### Work instructions
In the records below, begin at the line that has "U3: ESP-12F; ESP-12E" and stop after the line that has "(P0.25), U5.15 (DRDY)"; quote those lines verbatim and nothing more.

(Stored entries)
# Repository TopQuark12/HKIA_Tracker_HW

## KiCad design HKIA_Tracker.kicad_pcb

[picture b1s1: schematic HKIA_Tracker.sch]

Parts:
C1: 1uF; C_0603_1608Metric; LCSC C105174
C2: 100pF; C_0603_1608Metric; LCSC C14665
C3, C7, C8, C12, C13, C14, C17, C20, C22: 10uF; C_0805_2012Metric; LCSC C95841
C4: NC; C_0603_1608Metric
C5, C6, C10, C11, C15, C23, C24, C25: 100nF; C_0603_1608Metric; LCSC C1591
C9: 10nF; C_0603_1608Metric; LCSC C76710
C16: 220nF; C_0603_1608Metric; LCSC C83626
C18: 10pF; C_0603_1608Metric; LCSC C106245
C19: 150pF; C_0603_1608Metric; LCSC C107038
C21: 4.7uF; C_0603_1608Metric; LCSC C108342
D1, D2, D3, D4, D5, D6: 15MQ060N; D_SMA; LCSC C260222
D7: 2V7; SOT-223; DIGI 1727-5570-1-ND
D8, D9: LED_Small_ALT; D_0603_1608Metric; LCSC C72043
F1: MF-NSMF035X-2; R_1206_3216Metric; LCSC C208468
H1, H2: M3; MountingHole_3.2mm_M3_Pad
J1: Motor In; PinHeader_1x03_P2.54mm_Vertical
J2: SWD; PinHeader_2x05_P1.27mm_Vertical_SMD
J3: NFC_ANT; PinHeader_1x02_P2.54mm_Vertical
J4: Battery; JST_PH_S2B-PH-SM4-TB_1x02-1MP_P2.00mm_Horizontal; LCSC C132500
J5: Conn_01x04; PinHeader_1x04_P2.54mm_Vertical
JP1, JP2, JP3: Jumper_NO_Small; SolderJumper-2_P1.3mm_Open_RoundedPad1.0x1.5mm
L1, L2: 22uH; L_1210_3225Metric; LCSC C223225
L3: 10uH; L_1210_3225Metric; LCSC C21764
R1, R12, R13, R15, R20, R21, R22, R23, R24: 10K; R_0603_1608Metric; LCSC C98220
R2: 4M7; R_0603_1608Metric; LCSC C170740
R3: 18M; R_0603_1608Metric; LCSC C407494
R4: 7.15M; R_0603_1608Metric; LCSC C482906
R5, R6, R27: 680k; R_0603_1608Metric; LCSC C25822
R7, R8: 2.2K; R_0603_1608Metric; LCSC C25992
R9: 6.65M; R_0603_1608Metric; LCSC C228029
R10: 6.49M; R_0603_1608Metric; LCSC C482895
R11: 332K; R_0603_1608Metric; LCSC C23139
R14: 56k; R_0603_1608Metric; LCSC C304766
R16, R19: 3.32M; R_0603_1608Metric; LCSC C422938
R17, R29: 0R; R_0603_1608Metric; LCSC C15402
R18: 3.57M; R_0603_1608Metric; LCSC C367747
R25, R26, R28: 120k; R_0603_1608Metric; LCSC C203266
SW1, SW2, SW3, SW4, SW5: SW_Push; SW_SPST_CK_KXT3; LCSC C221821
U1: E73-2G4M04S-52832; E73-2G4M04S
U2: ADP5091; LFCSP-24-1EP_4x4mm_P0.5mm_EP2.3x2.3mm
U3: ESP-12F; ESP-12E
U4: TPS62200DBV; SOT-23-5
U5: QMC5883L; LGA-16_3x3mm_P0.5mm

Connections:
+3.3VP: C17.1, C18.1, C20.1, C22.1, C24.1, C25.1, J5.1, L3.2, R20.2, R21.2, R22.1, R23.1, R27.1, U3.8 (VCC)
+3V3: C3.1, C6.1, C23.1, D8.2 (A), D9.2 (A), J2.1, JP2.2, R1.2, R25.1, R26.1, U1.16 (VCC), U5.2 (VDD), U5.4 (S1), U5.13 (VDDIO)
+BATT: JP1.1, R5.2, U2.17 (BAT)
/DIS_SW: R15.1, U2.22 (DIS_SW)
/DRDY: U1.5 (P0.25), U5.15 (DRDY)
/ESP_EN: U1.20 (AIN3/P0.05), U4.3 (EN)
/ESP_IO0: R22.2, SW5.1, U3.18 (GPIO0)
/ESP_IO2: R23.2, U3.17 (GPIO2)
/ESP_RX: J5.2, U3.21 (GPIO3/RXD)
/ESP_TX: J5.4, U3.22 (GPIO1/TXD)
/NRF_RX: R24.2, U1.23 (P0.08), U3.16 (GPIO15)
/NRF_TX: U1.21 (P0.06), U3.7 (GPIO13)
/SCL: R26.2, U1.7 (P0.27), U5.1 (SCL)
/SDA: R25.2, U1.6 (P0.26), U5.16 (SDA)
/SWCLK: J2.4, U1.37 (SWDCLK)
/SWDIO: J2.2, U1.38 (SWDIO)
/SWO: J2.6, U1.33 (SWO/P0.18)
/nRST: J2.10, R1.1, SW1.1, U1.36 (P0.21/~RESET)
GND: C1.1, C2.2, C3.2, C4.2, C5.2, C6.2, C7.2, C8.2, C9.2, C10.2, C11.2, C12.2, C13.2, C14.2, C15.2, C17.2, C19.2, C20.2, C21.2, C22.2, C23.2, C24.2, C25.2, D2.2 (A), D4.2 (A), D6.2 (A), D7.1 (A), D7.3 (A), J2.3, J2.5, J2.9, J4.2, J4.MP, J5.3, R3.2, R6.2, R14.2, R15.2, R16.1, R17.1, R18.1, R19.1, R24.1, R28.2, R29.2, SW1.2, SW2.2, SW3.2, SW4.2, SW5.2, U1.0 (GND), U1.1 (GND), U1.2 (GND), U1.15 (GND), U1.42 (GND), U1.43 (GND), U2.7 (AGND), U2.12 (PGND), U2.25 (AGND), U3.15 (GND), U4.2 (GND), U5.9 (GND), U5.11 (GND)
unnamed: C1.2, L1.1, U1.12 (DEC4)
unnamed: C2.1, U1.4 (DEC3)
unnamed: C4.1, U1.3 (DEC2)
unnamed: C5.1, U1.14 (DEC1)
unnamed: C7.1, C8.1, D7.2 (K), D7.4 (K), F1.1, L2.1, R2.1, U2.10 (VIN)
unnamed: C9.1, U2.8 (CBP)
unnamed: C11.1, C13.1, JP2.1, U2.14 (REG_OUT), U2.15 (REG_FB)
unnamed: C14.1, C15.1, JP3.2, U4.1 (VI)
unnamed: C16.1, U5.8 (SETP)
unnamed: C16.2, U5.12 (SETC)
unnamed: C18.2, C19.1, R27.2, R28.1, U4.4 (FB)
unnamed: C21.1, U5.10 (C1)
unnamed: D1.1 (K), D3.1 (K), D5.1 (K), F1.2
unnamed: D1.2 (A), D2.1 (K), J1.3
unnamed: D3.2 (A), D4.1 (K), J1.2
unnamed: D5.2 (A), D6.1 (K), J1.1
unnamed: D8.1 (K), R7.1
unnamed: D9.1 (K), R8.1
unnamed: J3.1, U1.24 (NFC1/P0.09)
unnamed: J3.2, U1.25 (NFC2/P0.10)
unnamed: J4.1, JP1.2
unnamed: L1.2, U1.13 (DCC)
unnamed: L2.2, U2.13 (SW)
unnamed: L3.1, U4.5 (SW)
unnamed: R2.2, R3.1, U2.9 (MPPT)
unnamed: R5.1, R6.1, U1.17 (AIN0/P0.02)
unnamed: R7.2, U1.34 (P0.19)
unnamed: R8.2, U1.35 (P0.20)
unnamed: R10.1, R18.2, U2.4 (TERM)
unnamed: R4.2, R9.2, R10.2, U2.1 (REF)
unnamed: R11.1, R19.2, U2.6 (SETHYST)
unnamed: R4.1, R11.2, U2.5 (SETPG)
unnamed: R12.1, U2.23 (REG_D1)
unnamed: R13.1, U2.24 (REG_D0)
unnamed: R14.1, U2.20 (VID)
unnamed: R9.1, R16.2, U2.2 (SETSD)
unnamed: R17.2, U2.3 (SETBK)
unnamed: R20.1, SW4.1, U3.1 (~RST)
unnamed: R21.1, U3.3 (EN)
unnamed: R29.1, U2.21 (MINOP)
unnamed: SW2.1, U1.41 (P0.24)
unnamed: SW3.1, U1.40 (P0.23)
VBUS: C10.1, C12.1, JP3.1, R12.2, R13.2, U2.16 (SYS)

### Written solution
U3: ESP-12F; ESP-12E
U4: TPS62200DBV; SOT-23-5
U5: QMC5883L; LGA-16_3x3mm_P0.5mm

Connections:
+3.3VP: C17.1, C18.1, C20.1, C22.1, C24.1, C25.1, J5.1, L3.2, R20.2, R21.2, R22.1, R23.1, R27.1, U3.8 (VCC)
+3V3: C3.1, C6.1, C23.1, D8.2 (A), D9.2 (A), J2.1, JP2.2, R1.2, R25.1, R26.1, U1.16 (VCC), U5.2 (VDD), U5.4 (S1), U5.13 (VDDIO)
+BATT: JP1.1, R5.2, U2.17 (BAT)
/DIS_SW: R15.1, U2.22 (DIS_SW)
/DRDY: U1.5 (P0.25), U5.15 (DRDY)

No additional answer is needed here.